Exercise details: Once the line holding "#104=EDGE_CURVE('E264',#71,#103,#101,.T.);" is found in the listing below, write it out and each later line exactly, up to and including the one holding "#114=ORIENTED_EDGE('',*,*,#113,.T.);".

Source records:
+ + +
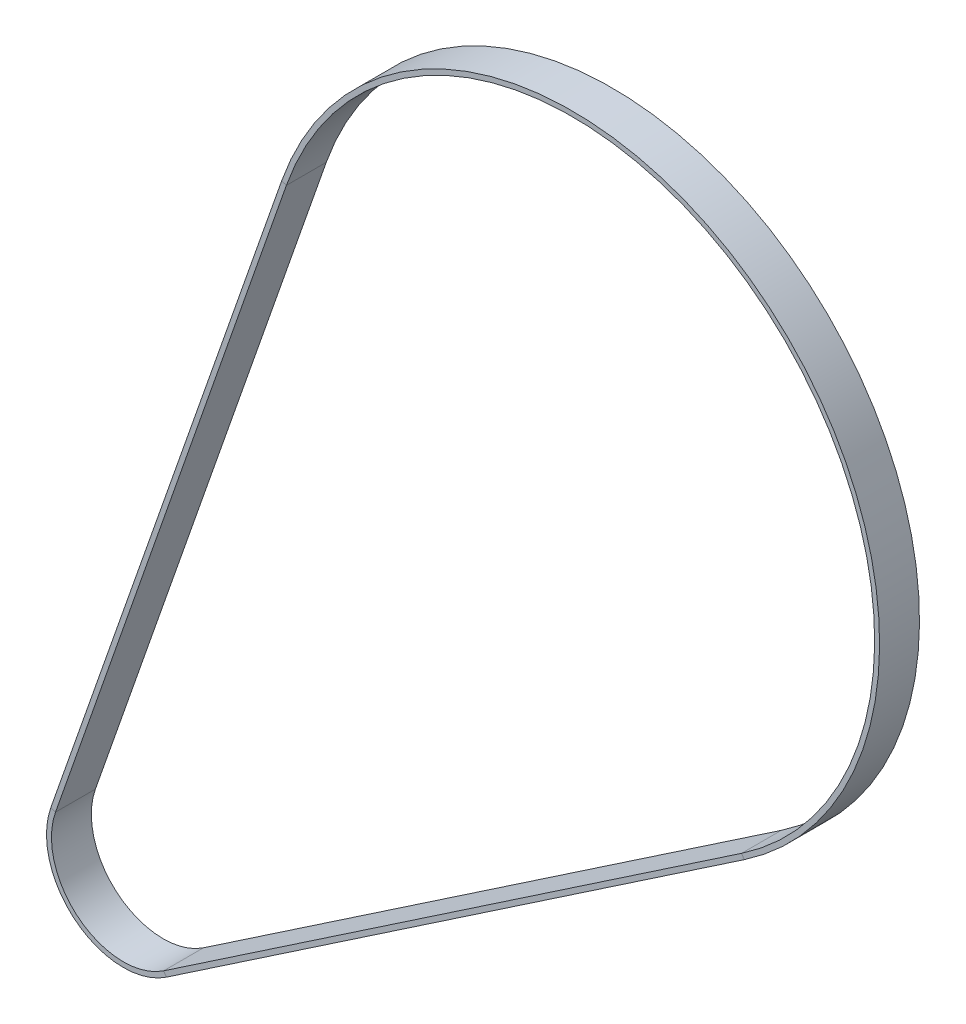
ISO-10303-21;
HEADER;
FILE_DESCRIPTION(('STEP AP214'),'2;1');
FILE_NAME('part.step','',(''),(''),'','','');
FILE_SCHEMA(('AUTOMOTIVE_DESIGN { 1 0 10303 214 1 1 1 1 }'));
ENDSEC;
DATA;
#1=APPLICATION_CONTEXT('core data for automotive mechanical design processes');
#2=APPLICATION_PROTOCOL_DEFINITION('international standard','automotive_design',2000,#1);
#3=PRODUCT_CONTEXT('',#1,'mechanical');
#4=PRODUCT('Part','Part','',(#3));
#5=PRODUCT_RELATED_PRODUCT_CATEGORY('part','',(#4));
#6=PRODUCT_DEFINITION_FORMATION('','',#4);
#7=PRODUCT_DEFINITION_CONTEXT('part definition',#1,'design');
#8=PRODUCT_DEFINITION('design','',#6,#7);
#9=PRODUCT_DEFINITION_SHAPE('','',#8);
#10=(LENGTH_UNIT() NAMED_UNIT(*) SI_UNIT(.MILLI.,.METRE.));
#11=(NAMED_UNIT(*) PLANE_ANGLE_UNIT() SI_UNIT($,.RADIAN.));
#12=(NAMED_UNIT(*) SI_UNIT($,.STERADIAN.) SOLID_ANGLE_UNIT());
#13=UNCERTAINTY_MEASURE_WITH_UNIT(LENGTH_MEASURE(1.E-05),#10,'distance_accuracy_value','');
#14=(GEOMETRIC_REPRESENTATION_CONTEXT(3) GLOBAL_UNCERTAINTY_ASSIGNED_CONTEXT((#13)) GLOBAL_UNIT_ASSIGNED_CONTEXT((#10,
#11,#12)) REPRESENTATION_CONTEXT('',''));
#15=CARTESIAN_POINT('',(0.,0.,0.));
#16=DIRECTION('',(0.,0.,1.));
#17=DIRECTION('',(1.,0.,0.));
#18=AXIS2_PLACEMENT_3D('',#15,#16,#17);
#19=CARTESIAN_POINT('',(-40.9251943674121,-65.1355885995621,2.01184288699567));
#20=DIRECTION('',(0.,0.,1.));
#21=DIRECTION('',(1.,0.,0.));
#22=AXIS2_PLACEMENT_3D('',#19,#20,#21);
#23=PLANE('',#22);
#24=DIRECTION('',(-0.560075457132163,0.828441598616462,0.));
#25=VECTOR('',#24,1.);
#26=CARTESIAN_POINT('',(-40.9251943674121,-65.1355885995621,2.01184288699567));
#27=LINE('',#26,#25);
#28=CARTESIAN_POINT('',(-40.9251943674121,-65.1355885995621,2.01184288699567));
#29=VERTEX_POINT('',#28);
#30=CARTESIAN_POINT('',(-41.2052320959782,-64.7213678002538,2.01184288699567));
#31=VERTEX_POINT('',#30);
#32=EDGE_CURVE('E263',#29,#31,#27,.T.);
#33=ORIENTED_EDGE('',*,*,#32,.T.);
#34=CARTESIAN_POINT('',(-45.2684841897135,-58.711165036947,2.01184288699567));
#35=DIRECTION('',(0.,0.,-1.));
#36=DIRECTION('',(-1.,0.,0.));
#37=AXIS2_PLACEMENT_3D('',#34,#35,#36);
#38=CIRCLE('',#37,7.25482975908508);
#39=CARTESIAN_POINT('',(-52.1144215100444,-56.3099784470695,2.01184288699567));
#40=VERTEX_POINT('',#39);
#41=EDGE_CURVE('E46',#31,#40,#38,.T.);
#42=ORIENTED_EDGE('',*,*,#41,.T.);
#43=CARTESIAN_POINT('',(-52.5862408047534,-56.1444896162068,2.01184288699567));
#44=DIRECTION('',(0.943638589418012,-0.330977661725356,0.));
#45=VECTOR('',#44,1.);
#46=LINE('',#43,#45);
#47=CARTESIAN_POINT('',(-52.5862408047533,-56.1444896162064,2.01184288699567));
#48=VERTEX_POINT('',#47);
#49=EDGE_CURVE('E215',#48,#40,#46,.T.);
#50=ORIENTED_EDGE('',*,*,#49,.F.);
#51=CARTESIAN_POINT('',(-45.2684841897135,-58.711165036947,2.01184288699567));
#52=DIRECTION('',(0.,0.,-1.));
#53=DIRECTION('',(-1.,0.,0.));
#54=AXIS2_PLACEMENT_3D('',#51,#52,#53);
#55=CIRCLE('',#54,7.75482975908509);
#56=EDGE_CURVE('E11',#29,#48,#55,.T.);
#57=ORIENTED_EDGE('',*,*,#56,.F.);
#58=EDGE_LOOP('',(#33,#42,#50,#57));
#59=FACE_BOUND('',#58,.T.);
#60=ADVANCED_FACE('F35',(#59),#23,.T.);
#61=CARTESIAN_POINT('',(-45.2684841897135,-58.711165036947,0.));
#62=DIRECTION('',(0.,0.,-1.));
#63=DIRECTION('',(-1.,0.,0.));
#64=AXIS2_PLACEMENT_3D('',#61,#62,#63);
#65=CYLINDRICAL_SURFACE('',#64,7.25482975908508);
#66=DIRECTION('',(0.,0.,-1.));
#67=VECTOR('',#66,1.);
#68=CARTESIAN_POINT('',(-41.2052320959782,-64.7213678002538,-2.01184288699567));
#69=LINE('',#68,#67);
#70=CARTESIAN_POINT('',(-41.2052320959782,-64.7213678002538,-2.01184288699567));
#71=VERTEX_POINT('',#70);
#72=EDGE_CURVE('E258',#31,#71,#69,.T.);
#73=ORIENTED_EDGE('',*,*,#72,.T.);
#74=CARTESIAN_POINT('',(-45.2684841897135,-58.711165036947,-2.01184288699567));
#75=DIRECTION('',(0.,0.,-1.));
#76=DIRECTION('',(-1.,0.,0.));
#77=AXIS2_PLACEMENT_3D('',#74,#75,#76);
#78=CIRCLE('',#77,7.25482975908508);
#79=CARTESIAN_POINT('',(-52.1144215100444,-56.3099784470695,-2.01184288699567));
#80=VERTEX_POINT('',#79);
#81=EDGE_CURVE('E214',#71,#80,#78,.T.);
#82=ORIENTED_EDGE('',*,*,#81,.T.);
#83=CARTESIAN_POINT('',(-52.1144215100444,-56.3099784470695,2.01184288699567));
#84=DIRECTION('',(0.,0.,-1.));
#85=VECTOR('',#84,1.);
#86=LINE('',#83,#85);
#87=EDGE_CURVE('E238',#40,#80,#86,.T.);
#88=ORIENTED_EDGE('',*,*,#87,.F.);
#89=ORIENTED_EDGE('',*,*,#41,.F.);
#90=EDGE_LOOP('',(#73,#82,#88,#89));
#91=FACE_BOUND('',#90,.T.);
#92=ADVANCED_FACE('F243',(#91),#65,.F.);
#93=CARTESIAN_POINT('',(-40.9251943674121,-65.1355885995621,-2.01184288699567));
#94=DIRECTION('',(0.,0.,-1.));
#95=DIRECTION('',(-1.,0.,0.));
#96=AXIS2_PLACEMENT_3D('',#93,#94,#95);
#97=PLANE('',#96);
#98=DIRECTION('',(0.560075457132163,-0.828441598616462,0.));
#99=VECTOR('',#98,1.);
#100=CARTESIAN_POINT('',(-40.9251943674121,-65.1355885995621,-2.01184288699567));
#101=LINE('',#100,#99);
#102=CARTESIAN_POINT('',(-40.9251943674121,-65.1355885995621,-2.01184288699567));
#103=VERTEX_POINT('',#102);
#104=EDGE_CURVE('E264',#71,#103,#101,.T.);
#105=ORIENTED_EDGE('',*,*,#104,.T.);
#106=CARTESIAN_POINT('',(-45.2684841897135,-58.711165036947,-2.01184288699567));
#107=DIRECTION('',(0.,0.,-1.));
#108=DIRECTION('',(-1.,0.,0.));
#109=AXIS2_PLACEMENT_3D('',#106,#107,#108);
#110=CIRCLE('',#109,7.75482975908509);
#111=CARTESIAN_POINT('',(-52.5862408047533,-56.1444896162064,-2.01184288699567));
#112=VERTEX_POINT('',#111);
#113=EDGE_CURVE('E207',#103,#112,#110,.T.);
#114=ORIENTED_EDGE('',*,*,#113,.T.);
#115=CARTESIAN_POINT('',(-52.1144215100444,-56.3099784470695,-2.01184288699567));
#116=DIRECTION('',(-0.943638589418012,0.330977661725356,0.));
#117=VECTOR('',#116,1.);
#118=LINE('',#115,#117);
#119=EDGE_CURVE('E284',#80,#112,#118,.T.);
#120=ORIENTED_EDGE('',*,*,#119,.F.);
#121=ORIENTED_EDGE('',*,*,#81,.F.);
#122=EDGE_LOOP('',(#105,#114,#120,#121));
#123=FACE_BOUND('',#122,.T.);
#124=ADVANCED_FACE('F200',(#123),#97,.T.);
#125=CARTESIAN_POINT('',(-45.2684841897135,-58.711165036947,0.));
#126=DIRECTION('',(0.,0.,-1.));
#127=DIRECTION('',(-1.,0.,0.));
#128=AXIS2_PLACEMENT_3D('',#125,#126,#127);
#129=CYLINDRICAL_SURFACE('',#128,7.75482975908509);
#130=DIRECTION('',(0.,0.,1.));
#131=VECTOR('',#130,1.);
#132=CARTESIAN_POINT('',(-40.9251943674121,-65.1355885995621,-2.01184288699567));
#133=LINE('',#132,#131);
#134=EDGE_CURVE('E117',#103,#29,#133,.T.);
#135=ORIENTED_EDGE('',*,*,#134,.T.);
#136=ORIENTED_EDGE('',*,*,#56,.T.);
#137=CARTESIAN_POINT('',(-52.5862408047534,-56.1444896162068,-2.01184288699567));
#138=DIRECTION('',(0.,0.,1.));
#139=VECTOR('',#138,1.);
#140=LINE('',#137,#139);
#141=EDGE_CURVE('E54',#112,#48,#140,.T.);
#142=ORIENTED_EDGE('',*,*,#141,.F.);
#143=ORIENTED_EDGE('',*,*,#113,.F.);
#144=EDGE_LOOP('',(#135,#136,#142,#143));
#145=FACE_BOUND('',#144,.T.);
#146=ADVANCED_FACE('F196',(#145),#129,.T.);
#147=CARTESIAN_POINT('',(17.384649330772,-25.714689867404,2.01184288699567));
#148=DIRECTION('',(0.,0.,1.));
#149=DIRECTION('',(1.,0.,0.));
#150=AXIS2_PLACEMENT_3D('',#147,#148,#149);
#151=PLANE('',#150);
#152=DIRECTION('',(-0.560075457132163,0.828441598616462,0.));
#153=VECTOR('',#152,1.);
#154=CARTESIAN_POINT('',(17.384649330772,-25.714689867404,2.01184288699567));
#155=LINE('',#154,#153);
#156=CARTESIAN_POINT('',(17.384649330772,-25.714689867404,2.01184288699567));
#157=VERTEX_POINT('',#156);
#158=CARTESIAN_POINT('',(17.1046116022059,-25.3004690680957,2.01184288699567));
#159=VERTEX_POINT('',#158);
#160=EDGE_CURVE('E114',#157,#159,#155,.T.);
#161=ORIENTED_EDGE('',*,*,#160,.T.);
#162=DIRECTION('',(-0.828441598616452,-0.560075457132178,0.));
#163=VECTOR('',#162,1.);
#164=CARTESIAN_POINT('',(17.1046116022059,-25.3004690680957,2.01184288699567));
#165=LINE('',#164,#163);
#166=EDGE_CURVE('E277',#159,#31,#165,.T.);
#167=ORIENTED_EDGE('',*,*,#166,.T.);
#168=ORIENTED_EDGE('',*,*,#32,.F.);
#169=DIRECTION('',(-0.828441598616452,-0.560075457132178,0.));
#170=VECTOR('',#169,1.);
#171=CARTESIAN_POINT('',(17.384649330772,-25.714689867404,2.01184288699567));
#172=LINE('',#171,#170);
#173=EDGE_CURVE('E279',#157,#29,#172,.T.);
#174=ORIENTED_EDGE('',*,*,#173,.F.);
#175=EDGE_LOOP('',(#161,#167,#168,#174));
#176=FACE_BOUND('',#175,.T.);
#177=ADVANCED_FACE('F192',(#176),#151,.T.);
#178=CARTESIAN_POINT('',(17.1046116022059,-25.3004690680957,-2.01184288699567));
#179=DIRECTION('',(-0.560075457132178,0.828441598616452,0.));
#180=DIRECTION('',(-0.828441598616452,-0.560075457132178,0.));
#181=AXIS2_PLACEMENT_3D('',#178,#179,#180);
#182=PLANE('',#181);
#183=DIRECTION('',(0.,0.,-1.));
#184=VECTOR('',#183,1.);
#185=CARTESIAN_POINT('',(17.1046116022059,-25.3004690680957,-2.01184288699567));
#186=LINE('',#185,#184);
#187=CARTESIAN_POINT('',(17.1046116022059,-25.3004690680957,-2.01184288699567));
#188=VERTEX_POINT('',#187);
#189=EDGE_CURVE('E275',#159,#188,#186,.T.);
#190=ORIENTED_EDGE('',*,*,#189,.T.);
#191=DIRECTION('',(-0.828441598616452,-0.560075457132178,0.));
#192=VECTOR('',#191,1.);
#193=CARTESIAN_POINT('',(17.1046116022059,-25.3004690680957,-2.01184288699567));
#194=LINE('',#193,#192);
#195=EDGE_CURVE('E269',#188,#71,#194,.T.);
#196=ORIENTED_EDGE('',*,*,#195,.T.);
#197=ORIENTED_EDGE('',*,*,#72,.F.);
#198=ORIENTED_EDGE('',*,*,#166,.F.);
#199=EDGE_LOOP('',(#190,#196,#197,#198));
#200=FACE_BOUND('',#199,.T.);
#201=ADVANCED_FACE('F188',(#200),#182,.T.);
#202=CARTESIAN_POINT('',(17.384649330772,-25.714689867404,-2.01184288699567));
#203=DIRECTION('',(0.,0.,-1.));
#204=DIRECTION('',(-1.,0.,0.));
#205=AXIS2_PLACEMENT_3D('',#202,#203,#204);
#206=PLANE('',#205);
#207=DIRECTION('',(0.560075457132163,-0.828441598616462,0.));
#208=VECTOR('',#207,1.);
#209=CARTESIAN_POINT('',(17.384649330772,-25.714689867404,-2.01184288699567));
#210=LINE('',#209,#208);
#211=CARTESIAN_POINT('',(17.384649330772,-25.714689867404,-2.01184288699567));
#212=VERTEX_POINT('',#211);
#213=EDGE_CURVE('E140',#188,#212,#210,.T.);
#214=ORIENTED_EDGE('',*,*,#213,.T.);
#215=DIRECTION('',(-0.828441598616452,-0.560075457132178,0.));
#216=VECTOR('',#215,1.);
#217=CARTESIAN_POINT('',(17.384649330772,-25.714689867404,-2.01184288699567));
#218=LINE('',#217,#216);
#219=EDGE_CURVE('E271',#212,#103,#218,.T.);
#220=ORIENTED_EDGE('',*,*,#219,.T.);
#221=ORIENTED_EDGE('',*,*,#104,.F.);
#222=ORIENTED_EDGE('',*,*,#195,.F.);
#223=EDGE_LOOP('',(#214,#220,#221,#222));
#224=FACE_BOUND('',#223,.T.);
#225=ADVANCED_FACE('F184',(#224),#206,.T.);
#226=CARTESIAN_POINT('',(17.384649330772,-25.714689867404,-2.01184288699567));
#227=DIRECTION('',(0.560075457132178,-0.828441598616452,0.));
#228=DIRECTION('',(0.828441598616452,0.560075457132178,0.));
#229=AXIS2_PLACEMENT_3D('',#226,#227,#228);
#230=PLANE('',#229);
#231=DIRECTION('',(0.,0.,1.));
#232=VECTOR('',#231,1.);
#233=CARTESIAN_POINT('',(17.384649330772,-25.714689867404,-2.01184288699567));
#234=LINE('',#233,#232);
#235=EDGE_CURVE('E137',#212,#157,#234,.T.);
#236=ORIENTED_EDGE('',*,*,#235,.T.);
#237=ORIENTED_EDGE('',*,*,#173,.T.);
#238=ORIENTED_EDGE('',*,*,#134,.F.);
#239=ORIENTED_EDGE('',*,*,#219,.F.);
#240=EDGE_LOOP('',(#236,#237,#238,#239));
#241=FACE_BOUND('',#240,.T.);
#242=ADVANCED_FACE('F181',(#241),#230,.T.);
+ + +
Expected answer:
#104=EDGE_CURVE('E264',#71,#103,#101,.T.);
#105=ORIENTED_EDGE('',*,*,#104,.T.);
#106=CARTESIAN_POINT('',(-45.2684841897135,-58.711165036947,-2.01184288699567));
#107=DIRECTION('',(0.,0.,-1.));
#108=DIRECTION('',(-1.,0.,0.));
#109=AXIS2_PLACEMENT_3D('',#106,#107,#108);
#110=CIRCLE('',#109,7.75482975908509);
#111=CARTESIAN_POINT('',(-52.5862408047533,-56.1444896162064,-2.01184288699567));
#112=VERTEX_POINT('',#111);
#113=EDGE_CURVE('E207',#103,#112,#110,.T.);
#114=ORIENTED_EDGE('',*,*,#113,.T.);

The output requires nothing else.